START Data to examine

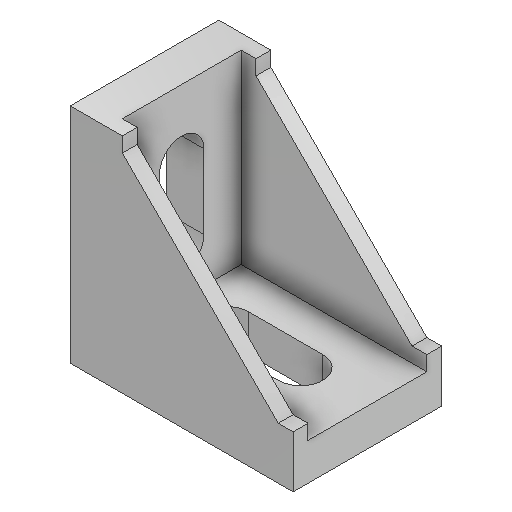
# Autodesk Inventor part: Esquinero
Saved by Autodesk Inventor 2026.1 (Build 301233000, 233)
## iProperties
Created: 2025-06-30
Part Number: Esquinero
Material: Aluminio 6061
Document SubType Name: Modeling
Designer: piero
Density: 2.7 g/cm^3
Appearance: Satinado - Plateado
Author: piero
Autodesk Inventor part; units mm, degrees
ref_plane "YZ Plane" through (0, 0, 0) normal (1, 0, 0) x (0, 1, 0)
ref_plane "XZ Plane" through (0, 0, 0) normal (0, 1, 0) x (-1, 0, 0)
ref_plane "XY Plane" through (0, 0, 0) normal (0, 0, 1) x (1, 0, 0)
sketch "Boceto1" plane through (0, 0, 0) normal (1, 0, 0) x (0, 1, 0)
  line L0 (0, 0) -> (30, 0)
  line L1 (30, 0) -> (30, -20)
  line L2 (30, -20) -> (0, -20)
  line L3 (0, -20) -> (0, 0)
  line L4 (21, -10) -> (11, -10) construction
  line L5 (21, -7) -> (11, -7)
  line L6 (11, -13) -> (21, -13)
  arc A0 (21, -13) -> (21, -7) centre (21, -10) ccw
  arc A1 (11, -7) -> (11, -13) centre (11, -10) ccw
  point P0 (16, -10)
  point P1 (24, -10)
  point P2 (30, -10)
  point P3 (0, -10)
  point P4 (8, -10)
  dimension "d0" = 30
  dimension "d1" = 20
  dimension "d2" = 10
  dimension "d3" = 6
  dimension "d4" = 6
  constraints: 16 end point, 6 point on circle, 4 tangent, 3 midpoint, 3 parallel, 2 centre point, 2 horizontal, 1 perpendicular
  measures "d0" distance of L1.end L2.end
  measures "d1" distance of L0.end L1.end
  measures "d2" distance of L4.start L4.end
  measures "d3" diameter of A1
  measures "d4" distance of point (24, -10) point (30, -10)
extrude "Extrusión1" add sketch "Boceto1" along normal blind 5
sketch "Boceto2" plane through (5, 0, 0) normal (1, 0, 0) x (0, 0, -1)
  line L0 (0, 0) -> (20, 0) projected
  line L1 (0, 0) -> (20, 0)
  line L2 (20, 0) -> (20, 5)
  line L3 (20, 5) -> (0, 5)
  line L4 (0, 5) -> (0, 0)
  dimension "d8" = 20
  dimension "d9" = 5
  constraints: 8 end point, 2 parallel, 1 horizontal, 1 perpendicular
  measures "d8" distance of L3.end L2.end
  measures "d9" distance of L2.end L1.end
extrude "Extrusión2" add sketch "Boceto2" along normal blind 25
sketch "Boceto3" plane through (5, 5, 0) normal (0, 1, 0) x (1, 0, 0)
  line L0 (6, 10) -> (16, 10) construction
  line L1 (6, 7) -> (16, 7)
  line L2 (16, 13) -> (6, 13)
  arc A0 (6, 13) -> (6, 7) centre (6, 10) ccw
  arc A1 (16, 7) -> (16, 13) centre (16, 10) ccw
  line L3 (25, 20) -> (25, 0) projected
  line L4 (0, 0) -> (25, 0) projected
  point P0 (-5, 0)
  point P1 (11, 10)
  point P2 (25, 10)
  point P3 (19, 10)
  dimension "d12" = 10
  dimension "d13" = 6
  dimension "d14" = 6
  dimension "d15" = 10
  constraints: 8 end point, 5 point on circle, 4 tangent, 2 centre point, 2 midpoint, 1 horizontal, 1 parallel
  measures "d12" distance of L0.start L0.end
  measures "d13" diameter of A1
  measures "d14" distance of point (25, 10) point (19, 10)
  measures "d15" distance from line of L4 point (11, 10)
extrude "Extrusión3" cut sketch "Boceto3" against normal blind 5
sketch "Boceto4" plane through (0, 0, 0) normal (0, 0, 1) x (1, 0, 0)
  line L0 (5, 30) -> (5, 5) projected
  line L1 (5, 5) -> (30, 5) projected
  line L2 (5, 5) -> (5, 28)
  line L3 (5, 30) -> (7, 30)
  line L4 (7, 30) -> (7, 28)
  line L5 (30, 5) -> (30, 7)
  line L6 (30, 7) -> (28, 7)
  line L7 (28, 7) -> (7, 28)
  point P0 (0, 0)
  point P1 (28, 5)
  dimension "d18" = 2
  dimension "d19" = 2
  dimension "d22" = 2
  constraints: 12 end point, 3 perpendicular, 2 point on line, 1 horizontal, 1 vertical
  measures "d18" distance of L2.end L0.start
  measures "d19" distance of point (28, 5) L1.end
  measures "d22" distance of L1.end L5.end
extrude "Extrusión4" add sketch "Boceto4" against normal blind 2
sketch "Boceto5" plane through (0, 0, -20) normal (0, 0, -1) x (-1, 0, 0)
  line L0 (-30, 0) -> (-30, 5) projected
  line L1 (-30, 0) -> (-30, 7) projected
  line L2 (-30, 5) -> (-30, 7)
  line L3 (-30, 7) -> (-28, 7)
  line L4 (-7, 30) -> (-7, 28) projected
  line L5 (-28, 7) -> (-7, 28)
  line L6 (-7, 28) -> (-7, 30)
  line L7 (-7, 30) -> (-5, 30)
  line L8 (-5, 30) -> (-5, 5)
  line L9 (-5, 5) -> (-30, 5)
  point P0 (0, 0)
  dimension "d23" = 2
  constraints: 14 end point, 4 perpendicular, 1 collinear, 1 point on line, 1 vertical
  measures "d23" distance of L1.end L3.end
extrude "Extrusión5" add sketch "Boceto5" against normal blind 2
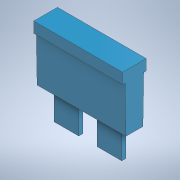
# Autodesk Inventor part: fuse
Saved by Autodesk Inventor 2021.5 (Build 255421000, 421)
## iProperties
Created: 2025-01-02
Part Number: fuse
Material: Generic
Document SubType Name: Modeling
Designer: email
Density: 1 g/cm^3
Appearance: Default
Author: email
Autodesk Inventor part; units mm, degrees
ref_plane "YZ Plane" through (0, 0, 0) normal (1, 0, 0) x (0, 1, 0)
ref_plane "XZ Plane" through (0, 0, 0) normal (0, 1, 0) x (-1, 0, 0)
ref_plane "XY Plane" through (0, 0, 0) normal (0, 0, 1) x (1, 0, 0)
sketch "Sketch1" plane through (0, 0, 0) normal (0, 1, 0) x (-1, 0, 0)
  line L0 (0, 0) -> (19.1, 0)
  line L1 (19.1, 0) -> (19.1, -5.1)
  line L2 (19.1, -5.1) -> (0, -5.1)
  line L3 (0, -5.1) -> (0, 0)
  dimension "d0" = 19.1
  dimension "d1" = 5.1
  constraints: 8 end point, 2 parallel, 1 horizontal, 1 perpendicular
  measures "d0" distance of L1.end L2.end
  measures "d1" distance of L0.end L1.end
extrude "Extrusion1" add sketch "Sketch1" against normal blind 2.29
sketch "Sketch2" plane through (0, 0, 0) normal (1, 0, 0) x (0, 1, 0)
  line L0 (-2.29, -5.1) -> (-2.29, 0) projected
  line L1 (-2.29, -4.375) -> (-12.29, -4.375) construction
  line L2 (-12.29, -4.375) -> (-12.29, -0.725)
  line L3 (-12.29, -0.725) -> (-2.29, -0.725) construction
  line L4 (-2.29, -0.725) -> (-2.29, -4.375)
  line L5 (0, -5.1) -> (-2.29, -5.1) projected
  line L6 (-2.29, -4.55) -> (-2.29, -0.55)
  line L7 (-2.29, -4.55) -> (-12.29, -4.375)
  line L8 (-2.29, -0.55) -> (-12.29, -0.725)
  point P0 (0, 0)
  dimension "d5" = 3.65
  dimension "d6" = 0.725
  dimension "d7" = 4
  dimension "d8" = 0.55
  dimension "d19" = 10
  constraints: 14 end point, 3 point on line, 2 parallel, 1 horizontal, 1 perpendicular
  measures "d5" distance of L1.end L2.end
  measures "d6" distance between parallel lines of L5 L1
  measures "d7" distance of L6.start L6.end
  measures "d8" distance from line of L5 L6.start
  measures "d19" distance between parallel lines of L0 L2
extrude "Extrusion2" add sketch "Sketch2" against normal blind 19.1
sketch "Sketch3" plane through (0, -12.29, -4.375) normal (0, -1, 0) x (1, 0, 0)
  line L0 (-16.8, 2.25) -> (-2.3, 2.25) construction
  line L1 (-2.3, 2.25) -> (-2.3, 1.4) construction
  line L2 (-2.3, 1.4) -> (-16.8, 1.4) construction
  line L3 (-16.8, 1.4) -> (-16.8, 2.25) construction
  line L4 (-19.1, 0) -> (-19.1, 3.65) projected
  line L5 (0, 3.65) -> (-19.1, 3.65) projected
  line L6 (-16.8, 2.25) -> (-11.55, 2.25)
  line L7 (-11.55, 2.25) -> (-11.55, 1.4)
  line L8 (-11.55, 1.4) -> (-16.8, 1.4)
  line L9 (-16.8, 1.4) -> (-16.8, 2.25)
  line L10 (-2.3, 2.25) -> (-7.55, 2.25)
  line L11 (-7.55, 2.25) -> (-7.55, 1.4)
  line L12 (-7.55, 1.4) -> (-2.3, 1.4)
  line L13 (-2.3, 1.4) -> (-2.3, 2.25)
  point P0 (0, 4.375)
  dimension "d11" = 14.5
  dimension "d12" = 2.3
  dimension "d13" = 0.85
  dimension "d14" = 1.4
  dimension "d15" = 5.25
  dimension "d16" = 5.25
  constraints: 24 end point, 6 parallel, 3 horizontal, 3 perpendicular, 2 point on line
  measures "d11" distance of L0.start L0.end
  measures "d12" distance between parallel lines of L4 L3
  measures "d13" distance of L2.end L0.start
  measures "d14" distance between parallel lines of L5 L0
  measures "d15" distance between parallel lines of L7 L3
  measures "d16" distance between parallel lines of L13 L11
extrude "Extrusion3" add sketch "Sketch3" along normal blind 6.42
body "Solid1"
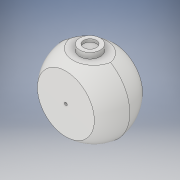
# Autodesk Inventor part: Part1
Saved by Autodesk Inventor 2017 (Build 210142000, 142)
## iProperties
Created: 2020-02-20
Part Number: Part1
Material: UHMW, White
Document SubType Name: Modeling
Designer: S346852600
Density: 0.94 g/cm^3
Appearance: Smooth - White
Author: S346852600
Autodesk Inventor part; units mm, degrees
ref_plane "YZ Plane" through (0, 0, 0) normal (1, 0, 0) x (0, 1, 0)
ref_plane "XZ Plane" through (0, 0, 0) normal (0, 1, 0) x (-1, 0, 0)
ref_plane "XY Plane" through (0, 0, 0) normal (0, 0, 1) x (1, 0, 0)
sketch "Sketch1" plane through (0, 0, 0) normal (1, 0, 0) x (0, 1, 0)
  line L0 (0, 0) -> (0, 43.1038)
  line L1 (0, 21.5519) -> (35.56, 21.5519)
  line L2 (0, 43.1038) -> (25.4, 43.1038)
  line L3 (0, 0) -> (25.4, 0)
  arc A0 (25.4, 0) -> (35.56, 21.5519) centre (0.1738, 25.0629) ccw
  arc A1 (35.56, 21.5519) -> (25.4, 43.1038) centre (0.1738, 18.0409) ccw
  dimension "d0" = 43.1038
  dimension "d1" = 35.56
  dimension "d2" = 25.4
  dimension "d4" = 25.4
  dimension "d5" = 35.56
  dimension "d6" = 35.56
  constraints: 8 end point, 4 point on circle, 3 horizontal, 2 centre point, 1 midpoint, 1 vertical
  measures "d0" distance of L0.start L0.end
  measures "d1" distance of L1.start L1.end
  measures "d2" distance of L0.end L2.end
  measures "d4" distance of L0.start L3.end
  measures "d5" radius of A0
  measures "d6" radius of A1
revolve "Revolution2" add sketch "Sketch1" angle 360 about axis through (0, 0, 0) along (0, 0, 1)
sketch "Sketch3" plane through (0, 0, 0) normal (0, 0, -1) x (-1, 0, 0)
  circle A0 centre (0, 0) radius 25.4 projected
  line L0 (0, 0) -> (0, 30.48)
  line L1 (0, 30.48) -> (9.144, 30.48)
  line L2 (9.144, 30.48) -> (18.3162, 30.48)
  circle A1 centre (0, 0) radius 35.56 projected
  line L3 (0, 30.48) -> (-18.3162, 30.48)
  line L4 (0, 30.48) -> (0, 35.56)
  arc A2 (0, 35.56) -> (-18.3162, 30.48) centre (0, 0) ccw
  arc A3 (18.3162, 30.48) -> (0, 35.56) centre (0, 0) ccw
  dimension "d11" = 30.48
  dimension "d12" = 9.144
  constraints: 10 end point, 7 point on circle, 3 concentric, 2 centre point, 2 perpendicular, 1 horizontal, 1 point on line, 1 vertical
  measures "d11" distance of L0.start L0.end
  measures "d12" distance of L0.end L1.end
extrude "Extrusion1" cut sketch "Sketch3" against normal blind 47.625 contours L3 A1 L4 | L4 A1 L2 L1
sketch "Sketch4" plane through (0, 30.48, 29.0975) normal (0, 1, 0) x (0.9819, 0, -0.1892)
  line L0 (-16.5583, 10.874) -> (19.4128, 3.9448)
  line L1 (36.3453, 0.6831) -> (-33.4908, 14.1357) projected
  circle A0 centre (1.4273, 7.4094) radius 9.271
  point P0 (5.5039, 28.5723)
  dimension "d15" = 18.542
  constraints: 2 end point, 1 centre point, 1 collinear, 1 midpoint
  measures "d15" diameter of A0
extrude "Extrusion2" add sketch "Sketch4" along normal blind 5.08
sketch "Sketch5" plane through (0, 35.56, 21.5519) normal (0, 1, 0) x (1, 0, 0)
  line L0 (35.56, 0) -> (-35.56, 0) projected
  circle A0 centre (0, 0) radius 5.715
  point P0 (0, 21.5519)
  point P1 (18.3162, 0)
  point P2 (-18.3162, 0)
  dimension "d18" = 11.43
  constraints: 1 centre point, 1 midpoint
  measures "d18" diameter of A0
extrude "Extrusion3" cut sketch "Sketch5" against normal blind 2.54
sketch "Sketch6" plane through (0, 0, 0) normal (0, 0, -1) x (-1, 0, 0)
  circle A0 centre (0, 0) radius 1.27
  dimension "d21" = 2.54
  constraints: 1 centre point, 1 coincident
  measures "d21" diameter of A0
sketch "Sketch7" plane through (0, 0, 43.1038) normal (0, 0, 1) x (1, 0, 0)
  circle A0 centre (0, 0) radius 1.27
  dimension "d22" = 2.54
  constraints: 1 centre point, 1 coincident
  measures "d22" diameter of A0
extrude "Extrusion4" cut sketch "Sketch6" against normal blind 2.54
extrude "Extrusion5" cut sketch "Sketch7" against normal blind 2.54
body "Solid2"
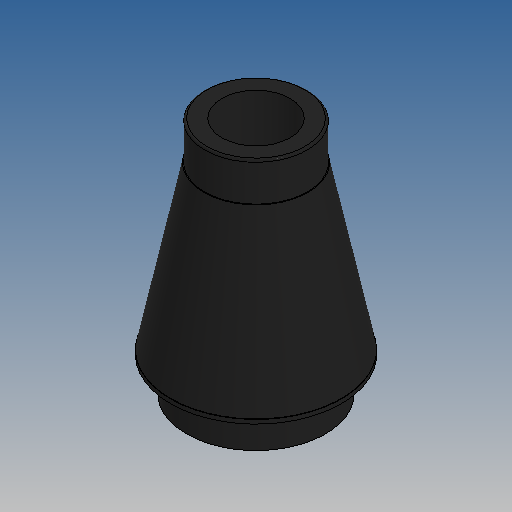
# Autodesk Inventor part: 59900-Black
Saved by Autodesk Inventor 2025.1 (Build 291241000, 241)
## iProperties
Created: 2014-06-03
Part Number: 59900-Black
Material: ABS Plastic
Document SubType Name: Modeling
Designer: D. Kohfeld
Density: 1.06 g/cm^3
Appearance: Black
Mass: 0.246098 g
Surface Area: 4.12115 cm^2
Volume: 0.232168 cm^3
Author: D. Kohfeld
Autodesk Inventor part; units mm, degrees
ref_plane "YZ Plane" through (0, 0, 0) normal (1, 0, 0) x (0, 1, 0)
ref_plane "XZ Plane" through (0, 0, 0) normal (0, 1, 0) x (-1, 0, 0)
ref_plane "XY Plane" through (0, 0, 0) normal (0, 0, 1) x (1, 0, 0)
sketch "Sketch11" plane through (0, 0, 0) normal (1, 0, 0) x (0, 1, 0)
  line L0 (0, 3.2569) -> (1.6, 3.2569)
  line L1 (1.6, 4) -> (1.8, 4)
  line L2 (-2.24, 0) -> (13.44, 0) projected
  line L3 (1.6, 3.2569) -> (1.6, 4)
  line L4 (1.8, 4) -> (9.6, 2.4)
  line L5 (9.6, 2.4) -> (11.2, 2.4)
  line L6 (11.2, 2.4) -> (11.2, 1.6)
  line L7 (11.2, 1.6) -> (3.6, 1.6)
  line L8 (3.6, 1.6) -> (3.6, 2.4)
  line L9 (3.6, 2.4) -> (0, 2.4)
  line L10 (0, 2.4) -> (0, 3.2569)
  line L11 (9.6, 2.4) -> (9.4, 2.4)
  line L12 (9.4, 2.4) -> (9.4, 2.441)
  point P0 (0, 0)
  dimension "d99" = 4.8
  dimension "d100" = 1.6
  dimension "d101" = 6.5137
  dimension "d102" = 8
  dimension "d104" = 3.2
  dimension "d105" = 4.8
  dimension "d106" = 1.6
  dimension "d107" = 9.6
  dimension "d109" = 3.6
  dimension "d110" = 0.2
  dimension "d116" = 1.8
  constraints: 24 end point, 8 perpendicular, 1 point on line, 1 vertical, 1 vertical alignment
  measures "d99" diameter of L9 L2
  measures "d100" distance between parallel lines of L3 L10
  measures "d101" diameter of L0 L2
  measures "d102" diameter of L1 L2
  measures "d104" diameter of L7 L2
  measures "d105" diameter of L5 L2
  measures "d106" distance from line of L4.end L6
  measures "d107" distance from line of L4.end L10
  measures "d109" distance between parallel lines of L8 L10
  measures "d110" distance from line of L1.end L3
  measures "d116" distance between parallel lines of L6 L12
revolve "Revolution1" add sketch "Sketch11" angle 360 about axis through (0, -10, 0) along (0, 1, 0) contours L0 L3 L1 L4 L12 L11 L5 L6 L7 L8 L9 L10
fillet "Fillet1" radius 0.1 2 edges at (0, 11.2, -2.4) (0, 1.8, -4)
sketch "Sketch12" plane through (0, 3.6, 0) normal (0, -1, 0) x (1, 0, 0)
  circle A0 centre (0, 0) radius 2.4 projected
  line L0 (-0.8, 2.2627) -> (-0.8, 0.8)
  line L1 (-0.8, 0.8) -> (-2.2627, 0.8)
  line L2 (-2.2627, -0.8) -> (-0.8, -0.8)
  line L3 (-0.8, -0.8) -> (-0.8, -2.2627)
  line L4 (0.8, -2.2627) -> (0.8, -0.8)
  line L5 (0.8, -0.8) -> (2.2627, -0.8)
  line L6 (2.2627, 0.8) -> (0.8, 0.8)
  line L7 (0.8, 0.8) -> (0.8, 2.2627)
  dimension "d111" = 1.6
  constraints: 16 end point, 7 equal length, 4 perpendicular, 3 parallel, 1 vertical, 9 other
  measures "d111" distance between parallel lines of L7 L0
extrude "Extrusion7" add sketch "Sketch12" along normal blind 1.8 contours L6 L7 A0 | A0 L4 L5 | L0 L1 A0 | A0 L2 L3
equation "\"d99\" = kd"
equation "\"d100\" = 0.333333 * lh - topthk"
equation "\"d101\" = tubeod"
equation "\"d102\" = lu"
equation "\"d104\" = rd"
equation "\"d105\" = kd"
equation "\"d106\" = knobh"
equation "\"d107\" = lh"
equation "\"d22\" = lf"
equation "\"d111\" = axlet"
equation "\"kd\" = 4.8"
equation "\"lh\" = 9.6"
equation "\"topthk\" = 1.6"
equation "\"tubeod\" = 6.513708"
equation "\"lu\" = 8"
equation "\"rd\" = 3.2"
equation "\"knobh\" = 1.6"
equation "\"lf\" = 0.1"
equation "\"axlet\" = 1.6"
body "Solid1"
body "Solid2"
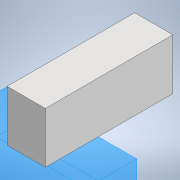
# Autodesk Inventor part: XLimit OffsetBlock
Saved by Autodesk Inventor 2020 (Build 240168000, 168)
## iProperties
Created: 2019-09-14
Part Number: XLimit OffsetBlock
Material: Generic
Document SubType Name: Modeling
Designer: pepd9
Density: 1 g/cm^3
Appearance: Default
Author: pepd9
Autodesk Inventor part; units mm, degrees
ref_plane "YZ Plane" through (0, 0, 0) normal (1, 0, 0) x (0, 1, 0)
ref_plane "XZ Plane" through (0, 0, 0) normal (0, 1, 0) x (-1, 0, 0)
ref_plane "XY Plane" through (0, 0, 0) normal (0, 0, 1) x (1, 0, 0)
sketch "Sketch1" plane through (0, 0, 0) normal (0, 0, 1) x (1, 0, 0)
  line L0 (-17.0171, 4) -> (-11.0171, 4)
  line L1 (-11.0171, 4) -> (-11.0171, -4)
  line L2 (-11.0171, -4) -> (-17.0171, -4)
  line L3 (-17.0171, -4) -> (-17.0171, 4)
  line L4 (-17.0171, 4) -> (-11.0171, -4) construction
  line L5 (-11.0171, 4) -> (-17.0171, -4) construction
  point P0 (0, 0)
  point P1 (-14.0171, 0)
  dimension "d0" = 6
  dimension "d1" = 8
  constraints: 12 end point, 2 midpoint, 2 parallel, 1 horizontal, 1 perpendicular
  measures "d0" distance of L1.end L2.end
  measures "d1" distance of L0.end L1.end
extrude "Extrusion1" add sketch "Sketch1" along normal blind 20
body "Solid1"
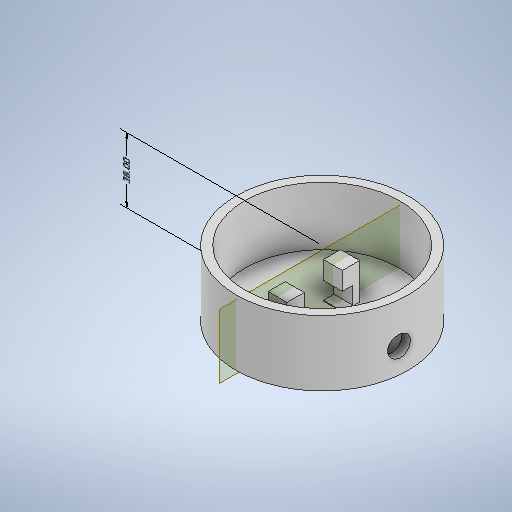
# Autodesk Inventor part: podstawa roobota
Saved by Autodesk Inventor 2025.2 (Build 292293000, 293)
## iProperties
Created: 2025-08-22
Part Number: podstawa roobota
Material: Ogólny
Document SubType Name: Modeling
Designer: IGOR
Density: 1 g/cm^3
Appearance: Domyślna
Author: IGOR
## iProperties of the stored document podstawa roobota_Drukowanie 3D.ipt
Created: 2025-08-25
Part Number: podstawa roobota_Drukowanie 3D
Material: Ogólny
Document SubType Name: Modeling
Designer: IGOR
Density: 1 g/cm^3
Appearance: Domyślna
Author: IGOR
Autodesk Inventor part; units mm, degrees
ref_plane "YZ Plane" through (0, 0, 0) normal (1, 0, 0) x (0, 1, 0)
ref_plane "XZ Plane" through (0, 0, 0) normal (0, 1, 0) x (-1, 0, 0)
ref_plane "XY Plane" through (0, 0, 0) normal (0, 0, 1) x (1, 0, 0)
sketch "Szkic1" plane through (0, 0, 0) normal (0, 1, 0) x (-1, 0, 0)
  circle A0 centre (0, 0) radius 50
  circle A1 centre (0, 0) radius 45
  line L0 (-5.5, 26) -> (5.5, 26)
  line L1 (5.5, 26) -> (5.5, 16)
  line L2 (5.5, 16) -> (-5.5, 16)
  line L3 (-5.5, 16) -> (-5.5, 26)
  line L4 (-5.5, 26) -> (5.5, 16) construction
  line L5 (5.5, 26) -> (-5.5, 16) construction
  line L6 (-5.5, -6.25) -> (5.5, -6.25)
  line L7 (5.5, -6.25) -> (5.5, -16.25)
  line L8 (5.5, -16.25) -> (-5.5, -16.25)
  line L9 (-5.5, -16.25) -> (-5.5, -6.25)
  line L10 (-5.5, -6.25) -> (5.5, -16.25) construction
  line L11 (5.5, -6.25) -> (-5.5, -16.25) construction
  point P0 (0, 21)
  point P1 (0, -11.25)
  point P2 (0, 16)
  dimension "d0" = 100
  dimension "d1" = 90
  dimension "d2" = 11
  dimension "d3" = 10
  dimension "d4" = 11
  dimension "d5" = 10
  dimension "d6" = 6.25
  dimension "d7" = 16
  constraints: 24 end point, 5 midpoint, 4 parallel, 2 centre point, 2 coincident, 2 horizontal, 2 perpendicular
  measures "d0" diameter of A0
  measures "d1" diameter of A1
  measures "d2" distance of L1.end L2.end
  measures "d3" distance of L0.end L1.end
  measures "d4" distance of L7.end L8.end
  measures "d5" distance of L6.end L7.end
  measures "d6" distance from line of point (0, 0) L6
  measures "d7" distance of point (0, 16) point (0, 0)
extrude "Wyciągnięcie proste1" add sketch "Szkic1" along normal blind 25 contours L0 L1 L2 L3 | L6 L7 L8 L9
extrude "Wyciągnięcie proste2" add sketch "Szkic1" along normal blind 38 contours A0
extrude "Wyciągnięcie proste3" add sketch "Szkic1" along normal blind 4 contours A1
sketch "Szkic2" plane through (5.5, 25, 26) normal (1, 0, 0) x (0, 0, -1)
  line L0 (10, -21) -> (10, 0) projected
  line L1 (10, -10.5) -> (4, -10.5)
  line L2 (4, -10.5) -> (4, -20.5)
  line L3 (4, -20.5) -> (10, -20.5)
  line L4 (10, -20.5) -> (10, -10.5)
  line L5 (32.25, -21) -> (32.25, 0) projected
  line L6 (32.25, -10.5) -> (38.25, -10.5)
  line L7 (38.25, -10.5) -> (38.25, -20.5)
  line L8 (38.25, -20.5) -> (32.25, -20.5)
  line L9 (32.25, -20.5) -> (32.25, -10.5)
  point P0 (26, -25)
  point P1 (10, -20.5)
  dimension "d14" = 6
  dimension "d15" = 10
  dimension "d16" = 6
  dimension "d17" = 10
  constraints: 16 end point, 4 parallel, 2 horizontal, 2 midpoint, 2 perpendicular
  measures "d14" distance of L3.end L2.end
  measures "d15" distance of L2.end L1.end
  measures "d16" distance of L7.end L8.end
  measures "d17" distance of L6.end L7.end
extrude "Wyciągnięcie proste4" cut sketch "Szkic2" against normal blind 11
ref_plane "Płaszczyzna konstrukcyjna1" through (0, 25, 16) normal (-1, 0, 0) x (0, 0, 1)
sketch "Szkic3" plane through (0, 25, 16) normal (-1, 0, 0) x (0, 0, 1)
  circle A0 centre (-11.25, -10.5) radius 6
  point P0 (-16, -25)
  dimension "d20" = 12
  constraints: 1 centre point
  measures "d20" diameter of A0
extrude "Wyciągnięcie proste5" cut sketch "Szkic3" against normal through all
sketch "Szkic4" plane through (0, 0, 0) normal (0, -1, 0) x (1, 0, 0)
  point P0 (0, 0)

END Data to examine

== Task prompt ==
Among the lines above, the ones holding the word "Appearance" must be counted; only that count is to be given.

== Solution ==
7